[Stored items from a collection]
----

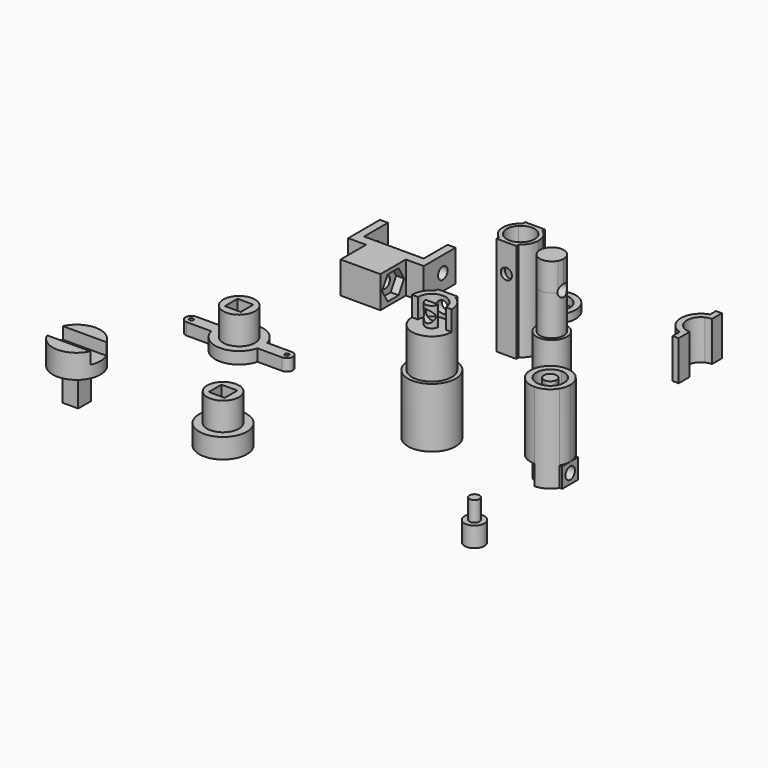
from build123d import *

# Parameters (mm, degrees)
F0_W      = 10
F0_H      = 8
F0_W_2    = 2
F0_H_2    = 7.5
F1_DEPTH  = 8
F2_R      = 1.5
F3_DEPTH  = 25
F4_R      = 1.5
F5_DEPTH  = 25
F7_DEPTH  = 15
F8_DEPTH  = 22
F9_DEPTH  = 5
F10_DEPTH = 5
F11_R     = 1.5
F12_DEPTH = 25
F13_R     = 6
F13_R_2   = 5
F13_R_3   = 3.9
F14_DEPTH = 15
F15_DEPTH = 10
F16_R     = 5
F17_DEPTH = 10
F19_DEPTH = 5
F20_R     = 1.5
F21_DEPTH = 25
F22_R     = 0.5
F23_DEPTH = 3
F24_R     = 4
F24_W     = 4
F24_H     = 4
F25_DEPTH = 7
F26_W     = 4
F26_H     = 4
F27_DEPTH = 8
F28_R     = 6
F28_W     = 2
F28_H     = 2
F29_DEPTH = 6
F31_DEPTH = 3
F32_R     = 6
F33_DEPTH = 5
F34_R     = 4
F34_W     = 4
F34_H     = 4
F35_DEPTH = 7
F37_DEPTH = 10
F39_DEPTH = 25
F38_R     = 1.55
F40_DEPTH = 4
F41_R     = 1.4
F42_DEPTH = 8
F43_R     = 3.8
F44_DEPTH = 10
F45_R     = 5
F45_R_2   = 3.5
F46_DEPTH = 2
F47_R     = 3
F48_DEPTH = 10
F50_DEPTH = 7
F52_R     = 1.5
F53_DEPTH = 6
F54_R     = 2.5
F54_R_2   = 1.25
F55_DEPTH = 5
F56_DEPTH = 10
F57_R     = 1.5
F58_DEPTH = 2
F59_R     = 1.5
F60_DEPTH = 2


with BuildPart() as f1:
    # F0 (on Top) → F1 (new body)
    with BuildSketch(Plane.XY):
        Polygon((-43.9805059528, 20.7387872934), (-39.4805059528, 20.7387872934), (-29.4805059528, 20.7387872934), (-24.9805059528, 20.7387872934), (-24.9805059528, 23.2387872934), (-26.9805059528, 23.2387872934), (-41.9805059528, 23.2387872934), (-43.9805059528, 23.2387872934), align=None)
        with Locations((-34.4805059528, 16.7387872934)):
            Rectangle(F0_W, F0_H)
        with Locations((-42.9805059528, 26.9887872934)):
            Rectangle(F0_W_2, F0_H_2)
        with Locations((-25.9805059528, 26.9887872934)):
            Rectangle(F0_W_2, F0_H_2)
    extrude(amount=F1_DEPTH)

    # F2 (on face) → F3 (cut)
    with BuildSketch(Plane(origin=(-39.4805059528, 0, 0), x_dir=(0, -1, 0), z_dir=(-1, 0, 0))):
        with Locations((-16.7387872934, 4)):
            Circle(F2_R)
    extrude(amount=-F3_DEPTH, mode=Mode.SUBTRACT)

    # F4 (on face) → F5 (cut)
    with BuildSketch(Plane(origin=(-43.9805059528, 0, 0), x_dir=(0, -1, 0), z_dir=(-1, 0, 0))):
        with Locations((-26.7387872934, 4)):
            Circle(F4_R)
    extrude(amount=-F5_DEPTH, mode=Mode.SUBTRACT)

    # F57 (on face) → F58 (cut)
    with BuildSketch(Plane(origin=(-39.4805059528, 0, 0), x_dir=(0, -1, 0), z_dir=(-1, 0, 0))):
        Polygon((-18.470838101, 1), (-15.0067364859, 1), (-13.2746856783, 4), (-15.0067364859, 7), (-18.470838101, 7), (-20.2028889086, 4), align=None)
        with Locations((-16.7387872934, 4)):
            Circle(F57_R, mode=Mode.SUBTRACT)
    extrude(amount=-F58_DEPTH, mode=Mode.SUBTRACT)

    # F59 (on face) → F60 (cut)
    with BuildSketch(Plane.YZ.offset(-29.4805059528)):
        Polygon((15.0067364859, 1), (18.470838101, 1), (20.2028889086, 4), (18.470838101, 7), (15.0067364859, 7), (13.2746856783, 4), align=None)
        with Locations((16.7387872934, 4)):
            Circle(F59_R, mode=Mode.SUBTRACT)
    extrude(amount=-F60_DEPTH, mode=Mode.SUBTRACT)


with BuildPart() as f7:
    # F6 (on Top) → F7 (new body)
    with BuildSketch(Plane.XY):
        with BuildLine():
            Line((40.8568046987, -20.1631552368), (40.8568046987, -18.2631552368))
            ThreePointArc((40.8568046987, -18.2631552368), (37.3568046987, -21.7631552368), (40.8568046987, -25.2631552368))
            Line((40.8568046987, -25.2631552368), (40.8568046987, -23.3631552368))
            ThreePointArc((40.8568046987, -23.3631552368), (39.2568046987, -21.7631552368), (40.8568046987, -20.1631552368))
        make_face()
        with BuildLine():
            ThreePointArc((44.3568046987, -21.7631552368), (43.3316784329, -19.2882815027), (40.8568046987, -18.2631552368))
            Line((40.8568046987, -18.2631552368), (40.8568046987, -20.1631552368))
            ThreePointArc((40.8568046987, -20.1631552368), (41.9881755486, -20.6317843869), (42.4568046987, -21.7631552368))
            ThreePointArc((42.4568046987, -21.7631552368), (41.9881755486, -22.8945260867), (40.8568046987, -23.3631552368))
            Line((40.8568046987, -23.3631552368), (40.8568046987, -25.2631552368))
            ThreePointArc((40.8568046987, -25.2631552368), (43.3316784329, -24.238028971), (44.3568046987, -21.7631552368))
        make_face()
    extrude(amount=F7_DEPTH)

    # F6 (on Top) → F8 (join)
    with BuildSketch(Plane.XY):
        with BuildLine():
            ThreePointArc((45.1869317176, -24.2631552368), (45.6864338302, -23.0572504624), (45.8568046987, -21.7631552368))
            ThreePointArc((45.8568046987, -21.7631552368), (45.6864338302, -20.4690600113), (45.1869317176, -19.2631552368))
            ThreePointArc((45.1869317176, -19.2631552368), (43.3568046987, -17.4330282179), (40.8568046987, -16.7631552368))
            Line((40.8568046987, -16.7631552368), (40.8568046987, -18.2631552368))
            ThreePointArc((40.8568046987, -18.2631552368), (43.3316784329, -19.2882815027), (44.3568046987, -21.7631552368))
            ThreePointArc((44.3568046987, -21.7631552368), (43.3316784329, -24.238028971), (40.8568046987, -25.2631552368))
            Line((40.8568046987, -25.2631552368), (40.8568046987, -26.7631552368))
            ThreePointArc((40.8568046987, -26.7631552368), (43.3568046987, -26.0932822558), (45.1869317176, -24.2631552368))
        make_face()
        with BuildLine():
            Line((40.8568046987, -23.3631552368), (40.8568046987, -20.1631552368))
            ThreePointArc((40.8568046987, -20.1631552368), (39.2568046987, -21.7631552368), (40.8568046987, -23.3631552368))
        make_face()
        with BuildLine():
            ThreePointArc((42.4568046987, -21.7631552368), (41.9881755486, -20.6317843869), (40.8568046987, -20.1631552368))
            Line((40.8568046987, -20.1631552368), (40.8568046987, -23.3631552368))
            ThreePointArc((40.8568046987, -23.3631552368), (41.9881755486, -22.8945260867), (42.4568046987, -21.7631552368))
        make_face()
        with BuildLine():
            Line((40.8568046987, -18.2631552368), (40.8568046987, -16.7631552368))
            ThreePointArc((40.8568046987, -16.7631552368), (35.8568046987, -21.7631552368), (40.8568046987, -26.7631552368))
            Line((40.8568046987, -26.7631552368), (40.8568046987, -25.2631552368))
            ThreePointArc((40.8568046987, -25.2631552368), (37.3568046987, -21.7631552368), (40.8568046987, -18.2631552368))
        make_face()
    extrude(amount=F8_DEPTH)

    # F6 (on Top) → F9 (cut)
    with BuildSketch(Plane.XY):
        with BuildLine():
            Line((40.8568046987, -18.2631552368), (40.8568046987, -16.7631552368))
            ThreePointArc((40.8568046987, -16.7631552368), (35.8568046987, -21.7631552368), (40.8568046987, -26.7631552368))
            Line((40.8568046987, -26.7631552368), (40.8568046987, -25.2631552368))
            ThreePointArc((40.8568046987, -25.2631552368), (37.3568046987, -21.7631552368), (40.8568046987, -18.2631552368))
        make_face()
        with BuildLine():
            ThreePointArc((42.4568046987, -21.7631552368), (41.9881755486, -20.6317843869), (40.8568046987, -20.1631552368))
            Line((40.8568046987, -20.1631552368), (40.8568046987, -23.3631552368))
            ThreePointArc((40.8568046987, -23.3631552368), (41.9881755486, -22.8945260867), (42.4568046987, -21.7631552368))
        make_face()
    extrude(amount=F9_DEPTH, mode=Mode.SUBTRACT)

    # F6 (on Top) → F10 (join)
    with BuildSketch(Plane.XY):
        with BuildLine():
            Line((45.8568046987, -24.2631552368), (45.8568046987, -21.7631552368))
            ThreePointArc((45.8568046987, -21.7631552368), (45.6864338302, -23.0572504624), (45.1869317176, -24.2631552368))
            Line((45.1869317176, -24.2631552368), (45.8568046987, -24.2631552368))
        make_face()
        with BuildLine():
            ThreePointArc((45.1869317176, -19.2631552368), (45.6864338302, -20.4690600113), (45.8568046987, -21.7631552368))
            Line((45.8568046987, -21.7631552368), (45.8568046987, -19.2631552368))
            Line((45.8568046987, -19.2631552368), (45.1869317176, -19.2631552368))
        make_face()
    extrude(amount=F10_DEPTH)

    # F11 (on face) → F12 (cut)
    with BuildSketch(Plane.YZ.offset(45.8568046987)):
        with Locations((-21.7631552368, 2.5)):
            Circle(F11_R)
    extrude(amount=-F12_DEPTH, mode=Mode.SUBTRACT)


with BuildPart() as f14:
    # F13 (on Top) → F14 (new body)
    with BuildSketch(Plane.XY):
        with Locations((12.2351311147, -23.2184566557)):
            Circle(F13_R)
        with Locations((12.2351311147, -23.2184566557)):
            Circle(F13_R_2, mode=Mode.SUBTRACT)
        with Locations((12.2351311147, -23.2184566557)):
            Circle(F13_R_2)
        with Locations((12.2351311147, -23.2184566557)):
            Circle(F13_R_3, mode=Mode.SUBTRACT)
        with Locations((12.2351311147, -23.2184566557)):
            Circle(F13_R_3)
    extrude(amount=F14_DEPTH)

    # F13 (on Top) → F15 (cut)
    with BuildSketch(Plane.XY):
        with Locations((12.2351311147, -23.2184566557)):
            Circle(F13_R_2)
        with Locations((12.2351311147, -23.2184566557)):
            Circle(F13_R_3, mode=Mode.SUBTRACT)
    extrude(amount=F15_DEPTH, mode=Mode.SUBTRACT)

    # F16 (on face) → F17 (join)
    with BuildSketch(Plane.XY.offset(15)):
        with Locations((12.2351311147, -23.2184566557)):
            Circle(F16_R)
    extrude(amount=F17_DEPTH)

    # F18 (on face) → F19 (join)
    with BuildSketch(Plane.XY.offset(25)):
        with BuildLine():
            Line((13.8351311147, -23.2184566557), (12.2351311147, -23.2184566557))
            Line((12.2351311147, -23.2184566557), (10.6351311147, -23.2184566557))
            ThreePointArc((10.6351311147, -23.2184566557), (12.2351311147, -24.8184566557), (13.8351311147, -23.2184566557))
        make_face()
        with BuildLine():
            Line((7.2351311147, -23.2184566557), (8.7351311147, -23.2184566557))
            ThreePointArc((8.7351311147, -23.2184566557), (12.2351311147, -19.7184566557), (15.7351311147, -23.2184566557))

----

• **Required action**
For the string "SUBTRACT", return every line of the data where it appears.

• **Task response**
    extrude(amount=-F3_DEPTH, mode=Mode.SUBTRACT)
    extrude(amount=-F5_DEPTH, mode=Mode.SUBTRACT)
            Circle(F57_R, mode=Mode.SUBTRACT)
    extrude(amount=-F58_DEPTH, mode=Mode.SUBTRACT)
            Circle(F59_R, mode=Mode.SUBTRACT)
    extrude(amount=-F60_DEPTH, mode=Mode.SUBTRACT)
    extrude(amount=F9_DEPTH, mode=Mode.SUBTRACT)
    extrude(amount=-F12_DEPTH, mode=Mode.SUBTRACT)
            Circle(F13_R_2, mode=Mode.SUBTRACT)
            Circle(F13_R_3, mode=Mode.SUBTRACT)
            Circle(F13_R_3, mode=Mode.SUBTRACT)
    extrude(amount=F15_DEPTH, mode=Mode.SUBTRACT)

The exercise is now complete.